• **WHAT THE EXERCISE ASKS**: Reading through the lines below, count those that include the string "collinear"; the answer is that number and nothing else.

[[ MATERIAL TO PROCESS, beginning ]]

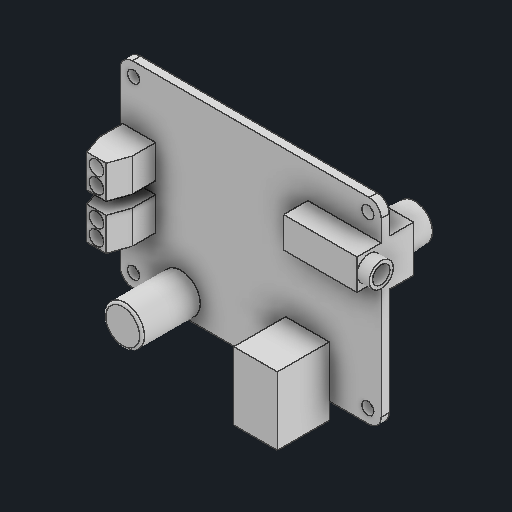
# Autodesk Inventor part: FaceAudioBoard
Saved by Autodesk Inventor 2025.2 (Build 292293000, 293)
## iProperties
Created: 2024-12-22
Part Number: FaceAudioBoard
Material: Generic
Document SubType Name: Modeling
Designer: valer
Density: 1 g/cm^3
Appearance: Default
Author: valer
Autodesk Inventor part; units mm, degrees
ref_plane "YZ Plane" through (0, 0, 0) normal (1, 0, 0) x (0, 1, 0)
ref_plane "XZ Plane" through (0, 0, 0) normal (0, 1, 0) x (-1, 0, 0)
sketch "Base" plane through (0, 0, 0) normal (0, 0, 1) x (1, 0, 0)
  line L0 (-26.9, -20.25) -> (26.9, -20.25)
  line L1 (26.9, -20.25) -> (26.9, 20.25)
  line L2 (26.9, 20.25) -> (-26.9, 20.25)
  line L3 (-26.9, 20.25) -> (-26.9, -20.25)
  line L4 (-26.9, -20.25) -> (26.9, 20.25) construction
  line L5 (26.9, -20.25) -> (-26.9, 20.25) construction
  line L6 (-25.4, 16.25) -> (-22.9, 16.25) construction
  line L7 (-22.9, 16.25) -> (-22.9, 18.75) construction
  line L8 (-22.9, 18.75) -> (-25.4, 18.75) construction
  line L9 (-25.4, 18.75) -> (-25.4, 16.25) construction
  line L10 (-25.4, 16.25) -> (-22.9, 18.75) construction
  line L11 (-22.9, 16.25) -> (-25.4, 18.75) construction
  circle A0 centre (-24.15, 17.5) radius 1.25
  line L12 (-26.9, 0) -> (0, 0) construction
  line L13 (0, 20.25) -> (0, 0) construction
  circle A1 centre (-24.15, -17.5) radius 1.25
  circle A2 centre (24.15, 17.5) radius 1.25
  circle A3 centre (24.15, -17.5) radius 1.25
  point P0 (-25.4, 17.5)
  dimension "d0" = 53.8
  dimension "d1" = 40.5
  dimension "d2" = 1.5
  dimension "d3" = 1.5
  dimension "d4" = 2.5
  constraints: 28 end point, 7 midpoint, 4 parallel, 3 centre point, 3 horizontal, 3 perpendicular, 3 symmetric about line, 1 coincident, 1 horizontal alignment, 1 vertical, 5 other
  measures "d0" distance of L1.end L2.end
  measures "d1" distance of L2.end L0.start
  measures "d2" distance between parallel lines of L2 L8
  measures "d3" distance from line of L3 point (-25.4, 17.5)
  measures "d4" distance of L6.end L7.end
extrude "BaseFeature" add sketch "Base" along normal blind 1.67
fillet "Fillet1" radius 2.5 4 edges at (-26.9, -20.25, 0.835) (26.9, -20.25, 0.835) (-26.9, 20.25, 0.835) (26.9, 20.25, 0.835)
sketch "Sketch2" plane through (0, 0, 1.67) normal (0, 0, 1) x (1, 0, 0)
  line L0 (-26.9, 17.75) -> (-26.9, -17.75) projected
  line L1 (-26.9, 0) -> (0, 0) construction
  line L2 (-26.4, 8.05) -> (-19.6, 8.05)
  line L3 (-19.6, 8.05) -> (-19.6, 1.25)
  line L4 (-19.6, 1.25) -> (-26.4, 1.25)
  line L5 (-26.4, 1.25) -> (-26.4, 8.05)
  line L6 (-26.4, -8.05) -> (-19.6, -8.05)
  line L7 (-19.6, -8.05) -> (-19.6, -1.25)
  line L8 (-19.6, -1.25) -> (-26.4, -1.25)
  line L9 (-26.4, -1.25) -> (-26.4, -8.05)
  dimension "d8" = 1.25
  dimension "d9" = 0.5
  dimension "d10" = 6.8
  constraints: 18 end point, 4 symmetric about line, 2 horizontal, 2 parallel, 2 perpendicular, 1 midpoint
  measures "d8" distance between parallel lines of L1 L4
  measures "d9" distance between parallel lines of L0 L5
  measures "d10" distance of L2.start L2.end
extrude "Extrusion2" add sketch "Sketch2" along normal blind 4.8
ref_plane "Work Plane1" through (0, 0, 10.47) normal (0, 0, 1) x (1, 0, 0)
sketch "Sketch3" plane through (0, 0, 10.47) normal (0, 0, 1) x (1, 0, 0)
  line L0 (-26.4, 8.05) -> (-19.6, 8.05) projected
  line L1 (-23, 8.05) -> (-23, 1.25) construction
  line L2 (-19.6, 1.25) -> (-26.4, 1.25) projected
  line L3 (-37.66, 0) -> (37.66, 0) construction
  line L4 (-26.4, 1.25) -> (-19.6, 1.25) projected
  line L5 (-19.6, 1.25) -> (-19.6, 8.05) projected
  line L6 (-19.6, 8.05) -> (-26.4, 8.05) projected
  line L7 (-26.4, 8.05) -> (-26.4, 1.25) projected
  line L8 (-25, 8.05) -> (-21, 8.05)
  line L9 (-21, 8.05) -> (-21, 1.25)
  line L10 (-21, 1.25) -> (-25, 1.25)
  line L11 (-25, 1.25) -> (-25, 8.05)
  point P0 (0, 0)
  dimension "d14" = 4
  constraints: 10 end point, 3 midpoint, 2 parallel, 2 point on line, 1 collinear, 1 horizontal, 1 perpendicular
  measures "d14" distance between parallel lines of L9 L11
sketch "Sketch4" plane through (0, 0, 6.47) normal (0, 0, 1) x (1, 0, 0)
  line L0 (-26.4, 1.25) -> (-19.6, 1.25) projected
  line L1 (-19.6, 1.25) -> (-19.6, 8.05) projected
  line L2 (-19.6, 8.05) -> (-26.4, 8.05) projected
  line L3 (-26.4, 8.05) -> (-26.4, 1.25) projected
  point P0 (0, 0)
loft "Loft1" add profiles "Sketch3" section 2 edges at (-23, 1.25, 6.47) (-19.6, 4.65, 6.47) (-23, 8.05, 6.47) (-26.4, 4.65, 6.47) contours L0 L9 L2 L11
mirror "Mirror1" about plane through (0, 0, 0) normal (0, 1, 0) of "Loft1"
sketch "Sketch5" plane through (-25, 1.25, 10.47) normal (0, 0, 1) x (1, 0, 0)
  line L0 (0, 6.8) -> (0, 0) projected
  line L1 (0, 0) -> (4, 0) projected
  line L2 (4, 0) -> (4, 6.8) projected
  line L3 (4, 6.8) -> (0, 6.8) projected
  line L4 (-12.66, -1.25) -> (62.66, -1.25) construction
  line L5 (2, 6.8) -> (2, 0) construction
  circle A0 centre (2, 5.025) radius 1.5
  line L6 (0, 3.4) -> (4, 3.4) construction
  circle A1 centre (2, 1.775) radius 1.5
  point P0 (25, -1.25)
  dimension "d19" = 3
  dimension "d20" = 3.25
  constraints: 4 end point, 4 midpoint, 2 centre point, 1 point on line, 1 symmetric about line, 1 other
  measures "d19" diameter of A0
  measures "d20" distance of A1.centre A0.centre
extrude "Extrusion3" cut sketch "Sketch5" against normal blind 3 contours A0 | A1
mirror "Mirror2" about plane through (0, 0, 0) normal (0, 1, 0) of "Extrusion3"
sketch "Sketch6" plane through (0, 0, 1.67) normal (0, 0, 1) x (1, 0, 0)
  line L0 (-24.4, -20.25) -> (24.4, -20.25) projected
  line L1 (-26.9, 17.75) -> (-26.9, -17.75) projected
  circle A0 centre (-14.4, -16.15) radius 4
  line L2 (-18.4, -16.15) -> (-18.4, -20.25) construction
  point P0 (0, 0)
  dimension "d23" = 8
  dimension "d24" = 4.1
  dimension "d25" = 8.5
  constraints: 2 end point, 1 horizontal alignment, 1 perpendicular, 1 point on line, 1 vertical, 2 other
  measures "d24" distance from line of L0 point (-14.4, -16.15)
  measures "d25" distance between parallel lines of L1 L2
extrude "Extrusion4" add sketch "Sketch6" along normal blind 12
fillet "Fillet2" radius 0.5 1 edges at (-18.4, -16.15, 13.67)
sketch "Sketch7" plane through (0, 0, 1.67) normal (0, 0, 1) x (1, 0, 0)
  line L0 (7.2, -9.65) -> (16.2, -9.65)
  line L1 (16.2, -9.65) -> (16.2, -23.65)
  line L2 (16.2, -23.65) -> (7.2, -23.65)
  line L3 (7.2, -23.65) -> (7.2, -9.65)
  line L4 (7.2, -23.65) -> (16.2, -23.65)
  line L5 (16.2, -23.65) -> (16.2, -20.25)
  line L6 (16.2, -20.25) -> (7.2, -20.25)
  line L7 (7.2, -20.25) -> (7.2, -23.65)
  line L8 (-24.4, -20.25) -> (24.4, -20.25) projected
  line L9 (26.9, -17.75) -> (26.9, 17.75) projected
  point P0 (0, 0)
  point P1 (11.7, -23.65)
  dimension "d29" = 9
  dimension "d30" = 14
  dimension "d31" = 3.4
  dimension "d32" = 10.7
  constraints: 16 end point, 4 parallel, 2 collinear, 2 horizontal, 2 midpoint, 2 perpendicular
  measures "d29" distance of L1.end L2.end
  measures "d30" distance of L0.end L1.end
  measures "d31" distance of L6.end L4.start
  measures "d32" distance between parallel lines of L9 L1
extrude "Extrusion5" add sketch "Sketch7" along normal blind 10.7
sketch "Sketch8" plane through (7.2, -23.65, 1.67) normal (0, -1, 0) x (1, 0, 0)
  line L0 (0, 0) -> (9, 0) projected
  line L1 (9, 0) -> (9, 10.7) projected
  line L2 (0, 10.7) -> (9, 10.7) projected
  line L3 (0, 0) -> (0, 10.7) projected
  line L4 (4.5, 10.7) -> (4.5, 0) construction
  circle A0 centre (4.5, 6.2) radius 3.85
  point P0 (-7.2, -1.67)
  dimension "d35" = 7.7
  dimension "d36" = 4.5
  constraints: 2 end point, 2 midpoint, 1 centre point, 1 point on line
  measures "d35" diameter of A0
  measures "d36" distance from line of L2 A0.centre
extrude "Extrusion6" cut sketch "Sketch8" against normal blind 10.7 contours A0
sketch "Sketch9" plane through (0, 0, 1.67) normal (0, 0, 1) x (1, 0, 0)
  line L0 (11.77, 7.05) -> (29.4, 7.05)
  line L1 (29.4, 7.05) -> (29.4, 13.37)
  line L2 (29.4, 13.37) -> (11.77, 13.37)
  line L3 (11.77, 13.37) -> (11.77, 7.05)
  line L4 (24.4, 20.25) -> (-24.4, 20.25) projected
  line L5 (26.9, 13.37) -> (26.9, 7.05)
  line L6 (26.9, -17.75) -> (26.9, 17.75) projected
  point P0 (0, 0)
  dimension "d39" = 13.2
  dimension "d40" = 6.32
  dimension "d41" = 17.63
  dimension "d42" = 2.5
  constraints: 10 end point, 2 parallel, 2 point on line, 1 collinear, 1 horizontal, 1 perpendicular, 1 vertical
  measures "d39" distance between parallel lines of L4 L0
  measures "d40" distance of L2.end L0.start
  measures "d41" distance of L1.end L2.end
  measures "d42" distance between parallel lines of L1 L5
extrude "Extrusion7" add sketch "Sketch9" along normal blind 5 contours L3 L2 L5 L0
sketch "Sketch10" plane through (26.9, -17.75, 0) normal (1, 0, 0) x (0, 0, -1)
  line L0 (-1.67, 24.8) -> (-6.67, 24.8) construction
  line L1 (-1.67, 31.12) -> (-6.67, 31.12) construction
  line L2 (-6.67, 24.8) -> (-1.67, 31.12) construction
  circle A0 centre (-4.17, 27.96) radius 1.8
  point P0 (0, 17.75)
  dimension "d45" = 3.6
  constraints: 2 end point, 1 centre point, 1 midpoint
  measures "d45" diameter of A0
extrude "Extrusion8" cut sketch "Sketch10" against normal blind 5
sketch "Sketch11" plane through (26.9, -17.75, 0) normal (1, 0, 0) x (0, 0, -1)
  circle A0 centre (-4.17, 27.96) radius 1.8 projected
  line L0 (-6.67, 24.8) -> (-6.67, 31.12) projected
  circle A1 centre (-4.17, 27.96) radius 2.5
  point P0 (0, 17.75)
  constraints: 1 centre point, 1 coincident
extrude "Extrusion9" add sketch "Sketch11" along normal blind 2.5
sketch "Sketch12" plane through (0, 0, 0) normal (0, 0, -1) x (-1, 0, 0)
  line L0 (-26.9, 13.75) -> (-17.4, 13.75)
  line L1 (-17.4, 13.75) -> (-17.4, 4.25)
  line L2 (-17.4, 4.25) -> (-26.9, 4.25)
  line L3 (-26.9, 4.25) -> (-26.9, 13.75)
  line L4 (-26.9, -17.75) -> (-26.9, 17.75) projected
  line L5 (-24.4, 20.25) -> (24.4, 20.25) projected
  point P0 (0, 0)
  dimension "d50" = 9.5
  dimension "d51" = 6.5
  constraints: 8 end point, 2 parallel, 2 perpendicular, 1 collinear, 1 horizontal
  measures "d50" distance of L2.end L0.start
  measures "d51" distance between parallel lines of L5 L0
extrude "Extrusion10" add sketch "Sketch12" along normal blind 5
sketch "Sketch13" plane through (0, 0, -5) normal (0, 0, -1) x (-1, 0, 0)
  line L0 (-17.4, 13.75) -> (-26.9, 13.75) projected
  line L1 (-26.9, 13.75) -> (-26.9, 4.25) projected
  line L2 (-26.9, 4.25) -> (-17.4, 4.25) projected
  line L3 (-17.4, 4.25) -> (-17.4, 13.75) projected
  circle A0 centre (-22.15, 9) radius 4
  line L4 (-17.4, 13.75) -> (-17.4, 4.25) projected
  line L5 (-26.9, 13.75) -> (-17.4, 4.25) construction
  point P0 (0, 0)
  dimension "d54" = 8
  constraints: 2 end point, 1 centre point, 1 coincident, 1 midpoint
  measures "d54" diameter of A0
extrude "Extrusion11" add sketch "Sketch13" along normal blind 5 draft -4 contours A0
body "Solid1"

[[ MATERIAL TO PROCESS, end ]]

• **TASK RESPONSE**: 4